(Collected data)
::::::::
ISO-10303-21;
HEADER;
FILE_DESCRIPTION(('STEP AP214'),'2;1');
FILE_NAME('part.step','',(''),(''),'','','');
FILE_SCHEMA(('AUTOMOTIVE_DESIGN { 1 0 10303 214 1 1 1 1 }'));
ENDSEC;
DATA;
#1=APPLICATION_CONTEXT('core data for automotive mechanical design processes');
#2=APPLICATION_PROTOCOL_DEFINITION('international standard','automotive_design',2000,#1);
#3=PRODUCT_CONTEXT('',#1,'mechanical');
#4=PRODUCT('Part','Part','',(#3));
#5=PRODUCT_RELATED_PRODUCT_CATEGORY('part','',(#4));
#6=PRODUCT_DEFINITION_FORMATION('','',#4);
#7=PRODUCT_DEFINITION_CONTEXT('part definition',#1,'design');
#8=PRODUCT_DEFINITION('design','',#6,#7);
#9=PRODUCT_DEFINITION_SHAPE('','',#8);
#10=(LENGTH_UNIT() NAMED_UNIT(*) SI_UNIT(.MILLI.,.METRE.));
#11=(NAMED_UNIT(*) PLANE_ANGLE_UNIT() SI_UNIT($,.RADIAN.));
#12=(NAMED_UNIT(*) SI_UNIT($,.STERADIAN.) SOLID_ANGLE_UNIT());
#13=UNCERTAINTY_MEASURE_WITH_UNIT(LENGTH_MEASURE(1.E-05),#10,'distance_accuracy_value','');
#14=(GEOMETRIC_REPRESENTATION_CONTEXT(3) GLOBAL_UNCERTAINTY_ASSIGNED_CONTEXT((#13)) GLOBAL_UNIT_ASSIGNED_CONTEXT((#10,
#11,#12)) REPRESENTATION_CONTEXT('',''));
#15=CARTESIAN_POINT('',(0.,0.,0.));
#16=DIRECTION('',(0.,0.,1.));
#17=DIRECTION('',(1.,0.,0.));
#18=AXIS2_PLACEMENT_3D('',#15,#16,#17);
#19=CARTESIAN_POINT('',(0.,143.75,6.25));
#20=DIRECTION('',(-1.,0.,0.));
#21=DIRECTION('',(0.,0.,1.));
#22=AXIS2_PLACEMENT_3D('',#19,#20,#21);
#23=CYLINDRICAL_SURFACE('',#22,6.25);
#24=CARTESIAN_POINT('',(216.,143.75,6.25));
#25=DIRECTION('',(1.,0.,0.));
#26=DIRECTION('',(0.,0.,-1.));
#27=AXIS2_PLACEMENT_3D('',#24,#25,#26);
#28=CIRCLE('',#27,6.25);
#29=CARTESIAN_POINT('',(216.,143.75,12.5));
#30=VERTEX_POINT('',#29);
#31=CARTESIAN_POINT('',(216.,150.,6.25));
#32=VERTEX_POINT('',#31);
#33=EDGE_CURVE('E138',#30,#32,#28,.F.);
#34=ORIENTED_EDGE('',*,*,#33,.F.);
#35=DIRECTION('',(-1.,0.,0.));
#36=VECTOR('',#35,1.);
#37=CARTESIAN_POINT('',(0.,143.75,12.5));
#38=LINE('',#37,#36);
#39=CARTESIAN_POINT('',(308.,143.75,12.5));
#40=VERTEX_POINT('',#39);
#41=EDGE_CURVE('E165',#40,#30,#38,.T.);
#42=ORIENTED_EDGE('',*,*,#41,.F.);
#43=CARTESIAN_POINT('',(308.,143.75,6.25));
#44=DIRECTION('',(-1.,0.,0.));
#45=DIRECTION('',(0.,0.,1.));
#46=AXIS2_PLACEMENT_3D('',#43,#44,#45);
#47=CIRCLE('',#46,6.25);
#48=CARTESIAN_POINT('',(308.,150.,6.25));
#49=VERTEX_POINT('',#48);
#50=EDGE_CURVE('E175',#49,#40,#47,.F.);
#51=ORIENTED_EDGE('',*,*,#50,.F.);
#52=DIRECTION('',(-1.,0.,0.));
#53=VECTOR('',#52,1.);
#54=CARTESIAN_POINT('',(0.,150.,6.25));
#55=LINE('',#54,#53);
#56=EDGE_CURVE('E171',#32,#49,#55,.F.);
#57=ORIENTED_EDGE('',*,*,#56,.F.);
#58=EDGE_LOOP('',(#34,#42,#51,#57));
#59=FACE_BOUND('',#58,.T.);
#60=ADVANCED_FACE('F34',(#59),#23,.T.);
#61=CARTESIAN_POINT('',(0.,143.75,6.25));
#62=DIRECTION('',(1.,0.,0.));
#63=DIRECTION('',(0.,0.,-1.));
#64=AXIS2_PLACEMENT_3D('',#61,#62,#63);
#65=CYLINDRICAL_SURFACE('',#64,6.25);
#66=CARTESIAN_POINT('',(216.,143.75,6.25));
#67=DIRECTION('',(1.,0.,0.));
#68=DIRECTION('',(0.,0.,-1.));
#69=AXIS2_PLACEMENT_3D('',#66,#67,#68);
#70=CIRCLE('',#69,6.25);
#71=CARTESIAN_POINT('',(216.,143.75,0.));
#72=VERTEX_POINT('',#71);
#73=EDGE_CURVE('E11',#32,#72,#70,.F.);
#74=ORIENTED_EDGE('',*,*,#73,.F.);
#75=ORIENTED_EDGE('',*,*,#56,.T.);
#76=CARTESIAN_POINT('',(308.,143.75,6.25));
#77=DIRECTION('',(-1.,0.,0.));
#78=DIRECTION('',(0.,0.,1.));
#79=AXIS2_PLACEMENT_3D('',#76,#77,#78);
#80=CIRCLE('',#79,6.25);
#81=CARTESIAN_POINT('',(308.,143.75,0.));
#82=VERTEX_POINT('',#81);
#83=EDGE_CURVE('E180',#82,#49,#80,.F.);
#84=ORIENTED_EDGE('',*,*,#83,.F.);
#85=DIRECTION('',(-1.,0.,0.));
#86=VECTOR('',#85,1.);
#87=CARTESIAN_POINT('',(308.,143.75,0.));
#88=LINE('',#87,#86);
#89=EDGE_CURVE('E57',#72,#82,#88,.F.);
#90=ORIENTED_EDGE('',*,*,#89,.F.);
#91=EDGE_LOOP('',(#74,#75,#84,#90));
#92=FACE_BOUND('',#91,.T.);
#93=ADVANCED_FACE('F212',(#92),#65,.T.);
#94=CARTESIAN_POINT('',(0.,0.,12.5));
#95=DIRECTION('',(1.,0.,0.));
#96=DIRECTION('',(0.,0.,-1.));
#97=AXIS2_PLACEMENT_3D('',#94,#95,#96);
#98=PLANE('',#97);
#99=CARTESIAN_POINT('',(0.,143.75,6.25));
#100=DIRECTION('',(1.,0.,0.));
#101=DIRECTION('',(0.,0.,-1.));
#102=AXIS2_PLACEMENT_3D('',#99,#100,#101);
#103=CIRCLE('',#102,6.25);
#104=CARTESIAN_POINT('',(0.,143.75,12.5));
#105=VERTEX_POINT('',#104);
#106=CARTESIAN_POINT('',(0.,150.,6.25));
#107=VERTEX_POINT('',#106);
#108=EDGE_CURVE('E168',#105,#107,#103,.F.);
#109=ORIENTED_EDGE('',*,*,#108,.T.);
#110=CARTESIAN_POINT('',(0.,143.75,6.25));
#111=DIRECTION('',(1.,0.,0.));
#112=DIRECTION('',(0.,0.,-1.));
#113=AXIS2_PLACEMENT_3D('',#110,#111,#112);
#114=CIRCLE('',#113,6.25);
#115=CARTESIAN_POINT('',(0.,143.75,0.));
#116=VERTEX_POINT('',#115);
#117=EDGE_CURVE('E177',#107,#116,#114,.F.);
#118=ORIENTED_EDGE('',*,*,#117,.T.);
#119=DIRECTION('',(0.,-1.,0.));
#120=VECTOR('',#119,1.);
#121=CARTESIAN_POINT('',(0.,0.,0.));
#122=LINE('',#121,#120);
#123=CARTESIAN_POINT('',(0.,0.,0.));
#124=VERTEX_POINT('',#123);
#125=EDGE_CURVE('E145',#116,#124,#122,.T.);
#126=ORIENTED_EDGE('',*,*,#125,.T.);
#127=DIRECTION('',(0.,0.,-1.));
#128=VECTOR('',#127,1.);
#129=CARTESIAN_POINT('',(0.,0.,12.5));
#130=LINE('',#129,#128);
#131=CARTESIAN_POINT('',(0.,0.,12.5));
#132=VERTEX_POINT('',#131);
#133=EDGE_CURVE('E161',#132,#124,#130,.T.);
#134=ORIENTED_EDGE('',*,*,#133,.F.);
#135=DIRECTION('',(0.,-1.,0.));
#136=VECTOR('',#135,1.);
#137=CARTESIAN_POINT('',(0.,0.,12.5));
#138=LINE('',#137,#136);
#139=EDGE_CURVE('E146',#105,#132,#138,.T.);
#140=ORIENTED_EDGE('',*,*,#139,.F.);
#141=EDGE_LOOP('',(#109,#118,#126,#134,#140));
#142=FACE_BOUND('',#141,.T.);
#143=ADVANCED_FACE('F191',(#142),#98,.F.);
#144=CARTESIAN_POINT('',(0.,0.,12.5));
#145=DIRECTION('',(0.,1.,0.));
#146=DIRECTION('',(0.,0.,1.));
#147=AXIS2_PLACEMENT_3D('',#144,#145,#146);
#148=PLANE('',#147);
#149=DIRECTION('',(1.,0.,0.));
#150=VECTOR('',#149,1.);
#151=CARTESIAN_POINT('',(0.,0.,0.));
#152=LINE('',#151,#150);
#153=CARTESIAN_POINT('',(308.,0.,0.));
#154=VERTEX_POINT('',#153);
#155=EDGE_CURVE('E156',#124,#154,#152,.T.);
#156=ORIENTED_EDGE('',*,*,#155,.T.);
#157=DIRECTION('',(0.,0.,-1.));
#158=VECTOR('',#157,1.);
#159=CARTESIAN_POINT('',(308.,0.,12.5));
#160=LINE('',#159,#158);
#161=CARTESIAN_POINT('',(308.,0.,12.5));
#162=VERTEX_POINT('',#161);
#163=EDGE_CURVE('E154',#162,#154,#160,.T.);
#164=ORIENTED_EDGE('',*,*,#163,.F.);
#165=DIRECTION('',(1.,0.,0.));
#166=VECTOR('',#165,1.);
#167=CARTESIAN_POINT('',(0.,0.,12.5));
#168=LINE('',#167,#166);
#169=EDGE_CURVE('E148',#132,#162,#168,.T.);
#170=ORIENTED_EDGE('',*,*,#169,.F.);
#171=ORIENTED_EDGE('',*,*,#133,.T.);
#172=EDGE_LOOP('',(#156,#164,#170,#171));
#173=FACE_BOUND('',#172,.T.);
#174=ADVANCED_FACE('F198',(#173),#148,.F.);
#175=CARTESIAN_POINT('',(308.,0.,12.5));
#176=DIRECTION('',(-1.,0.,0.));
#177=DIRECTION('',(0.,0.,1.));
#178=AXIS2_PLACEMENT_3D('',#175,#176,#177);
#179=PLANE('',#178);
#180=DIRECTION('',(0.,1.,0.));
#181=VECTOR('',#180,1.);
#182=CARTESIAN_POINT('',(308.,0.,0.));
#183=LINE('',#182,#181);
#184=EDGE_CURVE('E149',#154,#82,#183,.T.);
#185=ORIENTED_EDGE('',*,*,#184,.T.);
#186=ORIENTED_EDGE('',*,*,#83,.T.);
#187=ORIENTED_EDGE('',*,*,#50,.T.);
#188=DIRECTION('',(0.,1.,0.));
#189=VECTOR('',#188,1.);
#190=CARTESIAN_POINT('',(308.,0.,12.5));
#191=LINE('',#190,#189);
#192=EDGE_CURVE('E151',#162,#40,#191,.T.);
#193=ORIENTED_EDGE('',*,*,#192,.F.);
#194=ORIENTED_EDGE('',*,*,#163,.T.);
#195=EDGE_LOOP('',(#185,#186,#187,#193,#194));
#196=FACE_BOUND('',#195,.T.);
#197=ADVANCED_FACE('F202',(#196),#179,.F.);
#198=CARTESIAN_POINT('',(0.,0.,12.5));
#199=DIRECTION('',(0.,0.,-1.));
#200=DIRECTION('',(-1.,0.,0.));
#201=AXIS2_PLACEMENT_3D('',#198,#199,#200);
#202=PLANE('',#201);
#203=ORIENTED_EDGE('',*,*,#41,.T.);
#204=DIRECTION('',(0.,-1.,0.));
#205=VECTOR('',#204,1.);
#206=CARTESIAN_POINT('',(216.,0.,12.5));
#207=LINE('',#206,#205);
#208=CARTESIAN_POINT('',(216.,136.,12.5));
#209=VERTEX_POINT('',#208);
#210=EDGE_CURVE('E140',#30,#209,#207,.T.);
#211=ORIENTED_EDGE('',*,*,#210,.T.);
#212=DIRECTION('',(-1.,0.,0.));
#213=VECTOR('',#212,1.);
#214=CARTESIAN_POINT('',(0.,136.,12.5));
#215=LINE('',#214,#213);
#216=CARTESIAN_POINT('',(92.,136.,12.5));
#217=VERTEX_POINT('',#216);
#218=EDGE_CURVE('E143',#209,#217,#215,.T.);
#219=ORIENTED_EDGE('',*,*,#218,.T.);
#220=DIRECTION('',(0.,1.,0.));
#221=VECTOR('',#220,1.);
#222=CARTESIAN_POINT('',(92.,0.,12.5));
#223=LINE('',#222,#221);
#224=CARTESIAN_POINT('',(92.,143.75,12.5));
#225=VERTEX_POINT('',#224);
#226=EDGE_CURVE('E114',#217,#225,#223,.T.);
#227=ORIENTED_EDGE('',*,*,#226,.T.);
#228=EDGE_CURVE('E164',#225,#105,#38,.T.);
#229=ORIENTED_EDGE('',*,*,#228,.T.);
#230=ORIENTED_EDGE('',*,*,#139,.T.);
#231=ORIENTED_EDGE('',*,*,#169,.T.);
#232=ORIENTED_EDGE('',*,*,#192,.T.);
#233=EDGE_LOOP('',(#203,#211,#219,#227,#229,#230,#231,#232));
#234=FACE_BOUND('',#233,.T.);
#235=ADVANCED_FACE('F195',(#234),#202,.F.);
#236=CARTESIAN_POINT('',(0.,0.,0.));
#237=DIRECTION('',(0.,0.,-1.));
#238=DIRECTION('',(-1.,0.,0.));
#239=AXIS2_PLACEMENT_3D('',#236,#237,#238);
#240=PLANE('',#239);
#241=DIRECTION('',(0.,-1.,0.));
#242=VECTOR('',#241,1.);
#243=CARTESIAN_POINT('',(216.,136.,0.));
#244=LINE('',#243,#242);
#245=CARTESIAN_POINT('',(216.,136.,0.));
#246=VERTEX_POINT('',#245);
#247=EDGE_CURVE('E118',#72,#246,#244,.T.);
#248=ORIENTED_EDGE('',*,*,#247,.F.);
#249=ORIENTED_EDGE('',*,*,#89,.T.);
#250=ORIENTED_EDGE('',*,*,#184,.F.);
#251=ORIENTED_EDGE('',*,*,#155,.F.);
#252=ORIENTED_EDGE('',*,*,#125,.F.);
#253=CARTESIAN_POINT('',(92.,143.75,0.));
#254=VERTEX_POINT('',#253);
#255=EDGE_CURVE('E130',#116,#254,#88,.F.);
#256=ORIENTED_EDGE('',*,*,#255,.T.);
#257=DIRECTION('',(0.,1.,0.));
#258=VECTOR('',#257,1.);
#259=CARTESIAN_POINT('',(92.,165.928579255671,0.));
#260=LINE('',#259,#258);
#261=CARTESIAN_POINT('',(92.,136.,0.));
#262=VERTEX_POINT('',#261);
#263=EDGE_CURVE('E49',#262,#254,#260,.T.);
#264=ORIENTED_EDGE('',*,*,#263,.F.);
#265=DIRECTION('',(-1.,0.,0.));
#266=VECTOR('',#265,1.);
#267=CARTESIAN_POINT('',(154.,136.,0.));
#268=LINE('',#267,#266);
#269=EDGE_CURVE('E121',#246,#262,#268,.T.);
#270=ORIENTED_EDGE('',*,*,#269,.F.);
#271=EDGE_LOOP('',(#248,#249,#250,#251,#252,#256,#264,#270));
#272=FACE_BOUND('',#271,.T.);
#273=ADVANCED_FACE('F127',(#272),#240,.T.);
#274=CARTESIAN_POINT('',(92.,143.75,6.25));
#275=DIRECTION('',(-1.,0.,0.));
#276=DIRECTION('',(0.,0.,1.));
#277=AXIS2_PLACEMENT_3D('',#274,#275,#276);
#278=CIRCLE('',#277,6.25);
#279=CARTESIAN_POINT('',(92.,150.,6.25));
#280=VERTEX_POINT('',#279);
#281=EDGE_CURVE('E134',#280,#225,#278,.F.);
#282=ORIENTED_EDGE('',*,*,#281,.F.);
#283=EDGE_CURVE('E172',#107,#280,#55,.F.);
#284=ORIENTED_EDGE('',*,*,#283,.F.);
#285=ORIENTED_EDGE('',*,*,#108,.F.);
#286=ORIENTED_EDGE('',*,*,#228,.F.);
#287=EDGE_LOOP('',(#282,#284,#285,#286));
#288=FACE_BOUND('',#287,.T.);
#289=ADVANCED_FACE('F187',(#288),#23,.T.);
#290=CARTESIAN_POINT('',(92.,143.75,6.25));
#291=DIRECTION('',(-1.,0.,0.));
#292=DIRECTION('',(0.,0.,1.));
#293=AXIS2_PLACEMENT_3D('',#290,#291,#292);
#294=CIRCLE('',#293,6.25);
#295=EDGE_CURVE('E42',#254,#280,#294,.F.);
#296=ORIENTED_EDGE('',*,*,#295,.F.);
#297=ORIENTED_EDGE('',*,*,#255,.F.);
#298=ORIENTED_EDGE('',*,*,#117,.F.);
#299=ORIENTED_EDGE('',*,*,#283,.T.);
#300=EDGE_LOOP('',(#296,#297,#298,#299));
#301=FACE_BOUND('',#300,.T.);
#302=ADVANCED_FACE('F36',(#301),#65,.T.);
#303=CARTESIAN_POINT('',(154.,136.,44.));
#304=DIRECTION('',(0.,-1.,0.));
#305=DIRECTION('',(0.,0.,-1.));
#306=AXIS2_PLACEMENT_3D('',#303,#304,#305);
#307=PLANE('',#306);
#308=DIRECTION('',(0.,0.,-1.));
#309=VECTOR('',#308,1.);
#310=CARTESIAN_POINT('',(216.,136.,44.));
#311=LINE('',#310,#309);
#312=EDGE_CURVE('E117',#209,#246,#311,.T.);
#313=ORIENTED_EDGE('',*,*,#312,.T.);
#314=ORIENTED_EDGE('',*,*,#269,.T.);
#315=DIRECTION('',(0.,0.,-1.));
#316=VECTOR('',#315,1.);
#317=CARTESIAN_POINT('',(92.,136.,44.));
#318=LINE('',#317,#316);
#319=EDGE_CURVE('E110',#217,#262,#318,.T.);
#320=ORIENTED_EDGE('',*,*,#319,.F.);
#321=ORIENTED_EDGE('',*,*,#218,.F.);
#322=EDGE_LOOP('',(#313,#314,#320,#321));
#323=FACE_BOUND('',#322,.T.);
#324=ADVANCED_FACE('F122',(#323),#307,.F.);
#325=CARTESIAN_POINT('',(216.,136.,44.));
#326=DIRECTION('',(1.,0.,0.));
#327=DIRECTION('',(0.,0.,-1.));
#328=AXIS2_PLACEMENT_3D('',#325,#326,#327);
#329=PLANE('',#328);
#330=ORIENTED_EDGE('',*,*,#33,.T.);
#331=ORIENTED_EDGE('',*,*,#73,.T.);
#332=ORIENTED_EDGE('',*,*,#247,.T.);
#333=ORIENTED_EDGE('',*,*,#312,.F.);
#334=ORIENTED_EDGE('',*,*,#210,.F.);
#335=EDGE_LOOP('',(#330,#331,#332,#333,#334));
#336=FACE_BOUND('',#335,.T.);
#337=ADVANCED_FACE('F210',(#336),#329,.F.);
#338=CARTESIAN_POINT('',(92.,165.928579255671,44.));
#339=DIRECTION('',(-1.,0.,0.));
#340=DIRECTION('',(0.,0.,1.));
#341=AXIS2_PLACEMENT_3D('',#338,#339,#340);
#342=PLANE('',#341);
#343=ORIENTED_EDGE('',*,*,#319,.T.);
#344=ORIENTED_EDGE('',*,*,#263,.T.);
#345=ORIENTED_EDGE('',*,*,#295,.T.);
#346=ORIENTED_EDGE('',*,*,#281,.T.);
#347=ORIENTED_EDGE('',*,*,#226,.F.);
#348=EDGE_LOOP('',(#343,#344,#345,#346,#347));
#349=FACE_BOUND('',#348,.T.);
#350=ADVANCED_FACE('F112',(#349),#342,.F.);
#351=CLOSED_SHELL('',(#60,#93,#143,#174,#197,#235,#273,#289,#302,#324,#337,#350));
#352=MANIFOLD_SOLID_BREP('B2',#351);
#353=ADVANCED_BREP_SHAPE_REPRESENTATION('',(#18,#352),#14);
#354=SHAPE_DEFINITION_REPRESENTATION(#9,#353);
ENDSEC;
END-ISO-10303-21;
::::::::
Action item:
Up to and including the line with "#9=PRODUCT_DEFINITION_SHAPE('','',#8);", output each line of the entries above exactly, starting from the first.

Answer below:
ISO-10303-21;
HEADER;
FILE_DESCRIPTION(('STEP AP214'),'2;1');
FILE_NAME('part.step','',(''),(''),'','','');
FILE_SCHEMA(('AUTOMOTIVE_DESIGN { 1 0 10303 214 1 1 1 1 }'));
ENDSEC;
DATA;
#1=APPLICATION_CONTEXT('core data for automotive mechanical design processes');
#2=APPLICATION_PROTOCOL_DEFINITION('international standard','automotive_design',2000,#1);
#3=PRODUCT_CONTEXT('',#1,'mechanical');
#4=PRODUCT('Part','Part','',(#3));
#5=PRODUCT_RELATED_PRODUCT_CATEGORY('part','',(#4));
#6=PRODUCT_DEFINITION_FORMATION('','',#4);
#7=PRODUCT_DEFINITION_CONTEXT('part definition',#1,'design');
#8=PRODUCT_DEFINITION('design','',#6,#7);
#9=PRODUCT_DEFINITION_SHAPE('','',#8);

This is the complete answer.